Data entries
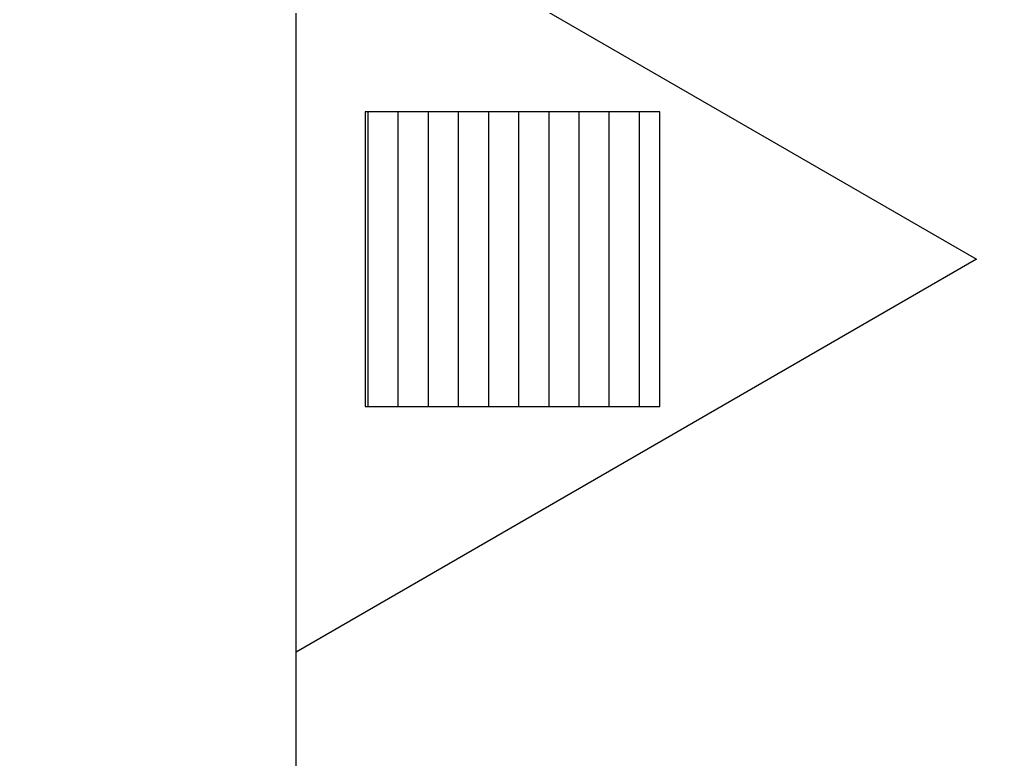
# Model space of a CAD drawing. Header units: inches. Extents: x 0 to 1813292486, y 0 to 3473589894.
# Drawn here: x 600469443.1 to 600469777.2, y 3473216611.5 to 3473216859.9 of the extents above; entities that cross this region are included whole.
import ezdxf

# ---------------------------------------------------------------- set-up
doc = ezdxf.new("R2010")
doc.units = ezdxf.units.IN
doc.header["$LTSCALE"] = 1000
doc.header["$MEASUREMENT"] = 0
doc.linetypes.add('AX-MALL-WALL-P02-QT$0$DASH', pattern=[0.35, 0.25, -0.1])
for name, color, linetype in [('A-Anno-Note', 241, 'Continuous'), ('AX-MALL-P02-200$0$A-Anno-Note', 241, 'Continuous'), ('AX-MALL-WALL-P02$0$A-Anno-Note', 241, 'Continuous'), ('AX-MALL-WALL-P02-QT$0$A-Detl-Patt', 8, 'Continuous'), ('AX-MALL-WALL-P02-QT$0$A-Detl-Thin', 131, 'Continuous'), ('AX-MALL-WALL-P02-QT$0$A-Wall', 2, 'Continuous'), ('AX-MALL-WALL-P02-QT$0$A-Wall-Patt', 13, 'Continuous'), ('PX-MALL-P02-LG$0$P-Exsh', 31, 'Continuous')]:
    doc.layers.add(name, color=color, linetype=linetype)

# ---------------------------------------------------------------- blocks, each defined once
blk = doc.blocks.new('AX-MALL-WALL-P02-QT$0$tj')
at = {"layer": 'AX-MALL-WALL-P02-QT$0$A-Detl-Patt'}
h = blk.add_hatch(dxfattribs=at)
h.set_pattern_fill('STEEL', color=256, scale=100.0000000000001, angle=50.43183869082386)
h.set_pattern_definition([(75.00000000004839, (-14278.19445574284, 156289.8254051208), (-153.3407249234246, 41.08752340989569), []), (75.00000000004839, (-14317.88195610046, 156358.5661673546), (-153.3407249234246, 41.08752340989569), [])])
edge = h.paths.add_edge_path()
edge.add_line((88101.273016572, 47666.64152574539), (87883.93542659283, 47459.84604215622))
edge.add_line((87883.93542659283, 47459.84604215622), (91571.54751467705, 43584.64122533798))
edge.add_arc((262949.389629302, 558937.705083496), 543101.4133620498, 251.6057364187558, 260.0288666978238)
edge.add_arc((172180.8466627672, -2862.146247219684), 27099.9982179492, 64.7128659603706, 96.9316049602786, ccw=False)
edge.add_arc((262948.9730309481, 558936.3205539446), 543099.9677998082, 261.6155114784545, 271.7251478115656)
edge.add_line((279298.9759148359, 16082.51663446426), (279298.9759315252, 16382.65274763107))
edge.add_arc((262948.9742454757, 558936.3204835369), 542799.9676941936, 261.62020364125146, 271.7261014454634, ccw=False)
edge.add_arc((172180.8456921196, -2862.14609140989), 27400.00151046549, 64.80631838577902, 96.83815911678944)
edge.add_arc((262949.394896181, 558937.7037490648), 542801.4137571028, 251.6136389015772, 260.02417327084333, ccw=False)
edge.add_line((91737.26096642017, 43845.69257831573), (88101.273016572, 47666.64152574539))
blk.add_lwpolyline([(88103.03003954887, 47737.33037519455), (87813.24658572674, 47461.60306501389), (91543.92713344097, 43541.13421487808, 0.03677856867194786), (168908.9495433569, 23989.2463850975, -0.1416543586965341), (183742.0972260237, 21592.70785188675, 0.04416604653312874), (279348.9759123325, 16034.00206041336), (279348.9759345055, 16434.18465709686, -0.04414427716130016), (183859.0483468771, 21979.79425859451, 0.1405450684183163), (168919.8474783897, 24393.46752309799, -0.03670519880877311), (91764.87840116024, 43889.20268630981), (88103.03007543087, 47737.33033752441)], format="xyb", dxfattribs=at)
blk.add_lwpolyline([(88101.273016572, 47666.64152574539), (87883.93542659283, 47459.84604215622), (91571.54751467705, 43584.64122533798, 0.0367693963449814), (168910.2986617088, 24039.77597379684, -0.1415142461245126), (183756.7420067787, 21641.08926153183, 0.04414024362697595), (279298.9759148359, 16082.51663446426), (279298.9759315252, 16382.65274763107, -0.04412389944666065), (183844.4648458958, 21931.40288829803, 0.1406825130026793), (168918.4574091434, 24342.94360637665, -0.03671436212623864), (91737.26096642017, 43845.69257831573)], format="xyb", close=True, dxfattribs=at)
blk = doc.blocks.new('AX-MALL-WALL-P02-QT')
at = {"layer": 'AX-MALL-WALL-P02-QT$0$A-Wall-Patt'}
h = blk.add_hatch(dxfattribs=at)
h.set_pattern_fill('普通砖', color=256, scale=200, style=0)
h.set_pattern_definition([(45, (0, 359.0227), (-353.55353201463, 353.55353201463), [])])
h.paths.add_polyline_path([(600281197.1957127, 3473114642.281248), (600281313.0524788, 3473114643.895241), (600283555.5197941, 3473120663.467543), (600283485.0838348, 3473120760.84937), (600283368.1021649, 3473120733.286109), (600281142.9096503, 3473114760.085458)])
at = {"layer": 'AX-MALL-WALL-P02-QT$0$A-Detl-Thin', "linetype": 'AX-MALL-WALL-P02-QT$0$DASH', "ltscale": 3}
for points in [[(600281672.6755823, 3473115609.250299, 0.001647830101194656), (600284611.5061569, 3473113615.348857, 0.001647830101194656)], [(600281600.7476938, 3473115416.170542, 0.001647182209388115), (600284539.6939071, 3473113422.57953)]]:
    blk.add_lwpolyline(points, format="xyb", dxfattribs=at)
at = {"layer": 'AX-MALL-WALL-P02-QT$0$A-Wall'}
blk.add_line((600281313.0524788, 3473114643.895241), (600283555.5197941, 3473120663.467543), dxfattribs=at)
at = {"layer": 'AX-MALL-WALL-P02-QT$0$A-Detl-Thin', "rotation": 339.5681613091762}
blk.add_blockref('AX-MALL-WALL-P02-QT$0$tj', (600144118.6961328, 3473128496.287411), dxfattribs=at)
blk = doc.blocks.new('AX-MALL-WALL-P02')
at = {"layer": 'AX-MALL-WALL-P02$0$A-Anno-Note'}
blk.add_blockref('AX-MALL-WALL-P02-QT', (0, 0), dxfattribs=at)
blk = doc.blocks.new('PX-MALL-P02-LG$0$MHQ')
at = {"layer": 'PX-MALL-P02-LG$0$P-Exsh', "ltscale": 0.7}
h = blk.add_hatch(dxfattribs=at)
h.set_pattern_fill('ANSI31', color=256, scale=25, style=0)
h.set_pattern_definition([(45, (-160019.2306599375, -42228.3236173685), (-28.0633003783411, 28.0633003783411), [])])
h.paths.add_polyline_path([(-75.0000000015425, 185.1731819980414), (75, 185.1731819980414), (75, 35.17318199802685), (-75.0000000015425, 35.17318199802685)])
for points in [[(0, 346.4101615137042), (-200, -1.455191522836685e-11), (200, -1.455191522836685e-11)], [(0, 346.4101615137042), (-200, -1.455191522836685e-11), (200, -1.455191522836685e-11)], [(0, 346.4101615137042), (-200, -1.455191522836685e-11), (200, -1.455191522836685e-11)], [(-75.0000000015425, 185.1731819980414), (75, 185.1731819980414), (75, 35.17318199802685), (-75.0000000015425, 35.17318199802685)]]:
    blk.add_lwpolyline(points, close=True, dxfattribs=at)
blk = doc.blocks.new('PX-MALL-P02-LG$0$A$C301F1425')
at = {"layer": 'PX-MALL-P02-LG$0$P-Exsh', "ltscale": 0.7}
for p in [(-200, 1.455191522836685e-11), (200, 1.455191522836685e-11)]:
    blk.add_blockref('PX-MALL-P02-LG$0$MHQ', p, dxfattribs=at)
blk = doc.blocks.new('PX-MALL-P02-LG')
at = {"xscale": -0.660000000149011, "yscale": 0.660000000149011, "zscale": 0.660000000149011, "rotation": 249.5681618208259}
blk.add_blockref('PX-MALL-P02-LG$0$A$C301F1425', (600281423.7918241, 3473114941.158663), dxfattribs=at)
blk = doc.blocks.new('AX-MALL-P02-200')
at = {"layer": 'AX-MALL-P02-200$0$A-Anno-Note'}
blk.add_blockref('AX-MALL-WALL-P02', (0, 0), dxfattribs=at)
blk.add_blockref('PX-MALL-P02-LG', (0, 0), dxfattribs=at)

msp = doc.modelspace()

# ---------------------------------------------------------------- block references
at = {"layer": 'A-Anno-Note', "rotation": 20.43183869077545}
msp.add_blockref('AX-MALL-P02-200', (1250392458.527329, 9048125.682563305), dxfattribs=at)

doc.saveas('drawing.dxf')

**Your goal**
After locating the line holding "47666.64152574539), (87883.93542659283, 47459.84604215622))" above, output exactly that line and every line after it through the line holding "543099.9677998082, 261.6155114784545, 271.7251478115656)". Include nothing else.

**Written solution**
edge.add_line((88101.273016572, 47666.64152574539), (87883.93542659283, 47459.84604215622))
edge.add_line((87883.93542659283, 47459.84604215622), (91571.54751467705, 43584.64122533798))
edge.add_arc((262949.389629302, 558937.705083496), 543101.4133620498, 251.6057364187558, 260.0288666978238)
edge.add_arc((172180.8466627672, -2862.146247219684), 27099.9982179492, 64.7128659603706, 96.9316049602786, ccw=False)
edge.add_arc((262948.9730309481, 558936.3205539446), 543099.9677998082, 261.6155114784545, 271.7251478115656)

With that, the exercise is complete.